____ Dataset extract
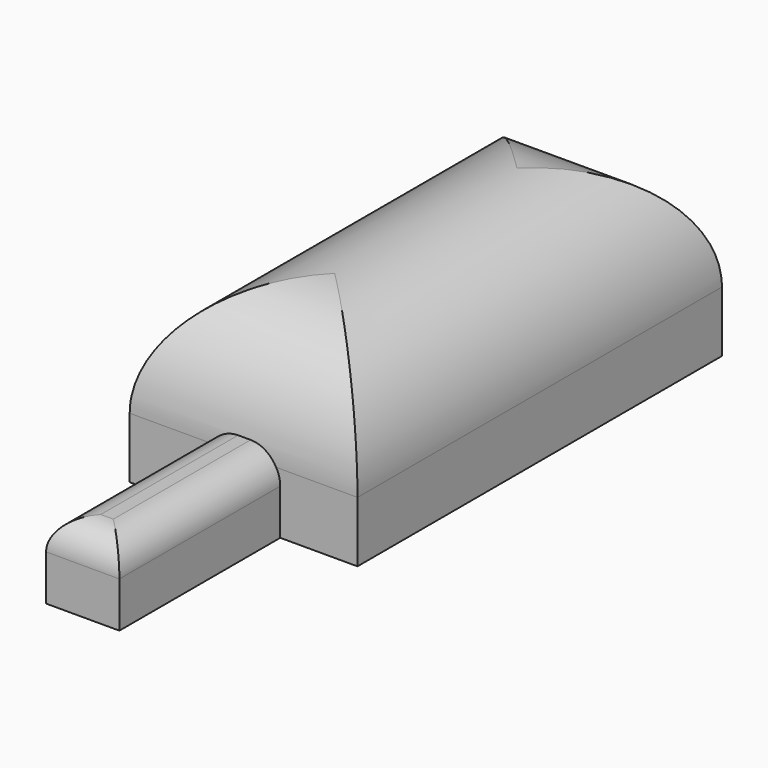
from build123d import *

# Parameters (mm, degrees)
F0_W         = 30
F0_H         = 60
F2_DEPTH     = 23
F3_DEPTH     = 10
F4_T1_DEPTH  = 135
F4_T3_DEPTH  = 105
F4_T8_DEPTH  = 105
F4_T14_DEPTH = 105
F4_T20_DEPTH = 105
F4_T27_DEPTH = 105
F4_T33_DEPTH = 105
F5_R         = 4


# Not quite as in the source:
# - a fillet or chamfer that OpenCascade refuses, or shapes differently, is made with other operations: its cross-section is extruded or revolved along the edge and cut away or added


with BuildPart() as f2:
    # F0 (on Top) → F2 (new body)
    with BuildSketch(Plane.XY):
        Rectangle(F0_W, F0_H)
    extrude(amount=F2_DEPTH)

    # F1 (on face) → F3 (join)
    with BuildSketch(Plane.XY):
        Polygon((4.8278798349, -30), (-4.8278798349, -30), (-4.8278798349, -56.4796291292), (0, -56.4796291292), (4.8278798349, -56.4796291292), align=None)
    extrude(amount=F3_DEPTH)

    # F4: fillet of radius 15 on 4 edges, made by hand

    # F4_s2 → F4_t1 (cut)
    with BuildSketch(Plane.XZ.offset(-67.5)):
        with BuildLine():
            ThreePointArc((-15, 8), (-10.6066017178, 18.6066017178), (0, 23))
            Line((0, 23), (-15, 23))
            Line((-15, 23), (-15, 8))
        make_face()
        with BuildLine():
            ThreePointArc((15, 8), (10.6066017178, 18.6066017178), (0, 23))
            Line((0, 23), (15, 23))
            Line((15, 23), (15, 8))
        make_face()
    extrude(amount=F4_T1_DEPTH, mode=Mode.SUBTRACT)

    # F4_s4 → F4_t3 (cut)
    with BuildSketch(Plane.YZ.offset(-52.5)):
        with BuildLine():
            ThreePointArc((30, 8), (25.6066017178, 18.6066017178), (15, 23))
            Line((15, 23), (30, 23))
            Line((30, 23), (30, 8))
        make_face()
    extrude(amount=F4_T3_DEPTH, mode=Mode.SUBTRACT)


with BuildPart() as f4_tool6:
    # F4_s7 → F4_t8 (new body)
    with BuildSketch(Plane.YZ.offset(-52.5)):
        with BuildLine():
            ThreePointArc((-15, 23), (-25.6066017178, 18.6066017178), (-30, 8))
            Line((-30, 8), (-30, 23))
            Line((-30, 23), (-15, 23))
        make_face()
    extrude(amount=F4_T8_DEPTH)

    split(bisect_by=Plane.YZ.offset(-4.8278798349), keep=Keep.BOTTOM)

    split(bisect_by=Plane.XY.offset(10), keep=Keep.TOP)


with BuildPart() as f2_1:
    add(f2.part)

    # F4_t5: cut F4_tool6
    add(f4_tool6.part, mode=Mode.SUBTRACT)


with BuildPart() as f4_tool12:
    # F4_s13 → F4_t14 (new body)
    with BuildSketch(Plane.YZ.offset(-52.5)):
        with BuildLine():
            ThreePointArc((-15, 23), (-25.6066017178, 18.6066017178), (-30, 8))
            Line((-30, 8), (-30, 23))
            Line((-30, 23), (-15, 23))
        make_face()
    extrude(amount=F4_T14_DEPTH)

    split(bisect_by=Plane.YZ.offset(-4.8278798349), keep=Keep.BOTTOM)

    split(bisect_by=Plane.XY.offset(10), keep=Keep.BOTTOM)


with BuildPart() as f2_2:
    add(f2_1.part)

    # F4_t11: cut F4_tool12
    add(f4_tool12.part, mode=Mode.SUBTRACT)


with BuildPart() as f4_tool18:
    # F4_s19 → F4_t20 (new body)
    with BuildSketch(Plane.YZ.offset(-52.5)):
        with BuildLine():
            ThreePointArc((-15, 23), (-25.6066017178, 18.6066017178), (-30, 8))
            Line((-30, 8), (-30, 23))
            Line((-30, 23), (-15, 23))
        make_face()
    extrude(amount=F4_T20_DEPTH)

    split(bisect_by=Plane.YZ.offset(-4.8278798349), keep=Keep.TOP)

    split(bisect_by=Plane.XY.offset(10), keep=Keep.TOP)

    split(bisect_by=Plane.YZ.offset(4.8278798349), keep=Keep.BOTTOM)


with BuildPart() as f2_3:
    add(f2_2.part)

    # F4_t17: cut F4_tool18
    add(f4_tool18.part, mode=Mode.SUBTRACT)


with BuildPart() as f4_tool25:
    # F4_s26 → F4_t27 (new body)
    with BuildSketch(Plane.YZ.offset(-52.5)):
        with BuildLine():
            ThreePointArc((-15, 23), (-25.6066017178, 18.6066017178), (-30, 8))
            Line((-30, 8), (-30, 23))
            Line((-30, 23), (-15, 23))
        make_face()
    extrude(amount=F4_T27_DEPTH)

    split(bisect_by=Plane.XY.offset(10), keep=Keep.TOP)

    split(bisect_by=Plane.YZ.offset(4.8278798349), keep=Keep.TOP)


with BuildPart() as f2_4:
    add(f2_3.part)

    # F4_t24: cut F4_tool25
    add(f4_tool25.part, mode=Mode.SUBTRACT)


with BuildPart() as f4_tool31:
    # F4_s32 → F4_t33 (new body)
    with BuildSketch(Plane.YZ.offset(-52.5)):
        with BuildLine():
            ThreePointArc((-15, 23), (-25.6066017178, 18.6066017178), (-30, 8))
            Line((-30, 8), (-30, 23))
            Line((-30, 23), (-15, 23))
        make_face()
    extrude(amount=F4_T33_DEPTH)

    split(bisect_by=Plane.XY.offset(10), keep=Keep.BOTTOM)

    split(bisect_by=Plane.YZ.offset(4.8278798349), keep=Keep.TOP)


with BuildPart() as f2_5:
    add(f2_4.part)

    # F4_t30: cut F4_tool31
    add(f4_tool31.part, mode=Mode.SUBTRACT)

    # F5
    f5_edges = [f2_5.edges().sort_by_distance(p)[0] for p in [
        (-4.82788, -43.172849, 10),
        (4.82788, -43.172849, 10),
        (0, -56.479629, 10),
    ]]
    fillet(f5_edges, radius=F5_R)


solid = f2_5.part
________
Your goal:
Take the records above from their first line through the line with "extrude(amount=F4_T1_DEPTH, mode=Mode.SUBTRACT)" and set those lines down word for word, minus the pictures.

Answer below:
from build123d import *

# Parameters (mm, degrees)
F0_W         = 30
F0_H         = 60
F2_DEPTH     = 23
F3_DEPTH     = 10
F4_T1_DEPTH  = 135
F4_T3_DEPTH  = 105
F4_T8_DEPTH  = 105
F4_T14_DEPTH = 105
F4_T20_DEPTH = 105
F4_T27_DEPTH = 105
F4_T33_DEPTH = 105
F5_R         = 4


# Not quite as in the source:
# - a fillet or chamfer that OpenCascade refuses, or shapes differently, is made with other operations: its cross-section is extruded or revolved along the edge and cut away or added


with BuildPart() as f2:
    # F0 (on Top) → F2 (new body)
    with BuildSketch(Plane.XY):
        Rectangle(F0_W, F0_H)
    extrude(amount=F2_DEPTH)

    # F1 (on face) → F3 (join)
    with BuildSketch(Plane.XY):
        Polygon((4.8278798349, -30), (-4.8278798349, -30), (-4.8278798349, -56.4796291292), (0, -56.4796291292), (4.8278798349, -56.4796291292), align=None)
    extrude(amount=F3_DEPTH)

    # F4: fillet of radius 15 on 4 edges, made by hand

    # F4_s2 → F4_t1 (cut)
    with BuildSketch(Plane.XZ.offset(-67.5)):
        with BuildLine():
            ThreePointArc((-15, 8), (-10.6066017178, 18.6066017178), (0, 23))
            Line((0, 23), (-15, 23))
            Line((-15, 23), (-15, 8))
        make_face()
        with BuildLine():
            ThreePointArc((15, 8), (10.6066017178, 18.6066017178), (0, 23))
            Line((0, 23), (15, 23))
            Line((15, 23), (15, 8))
        make_face()
    extrude(amount=F4_T1_DEPTH, mode=Mode.SUBTRACT)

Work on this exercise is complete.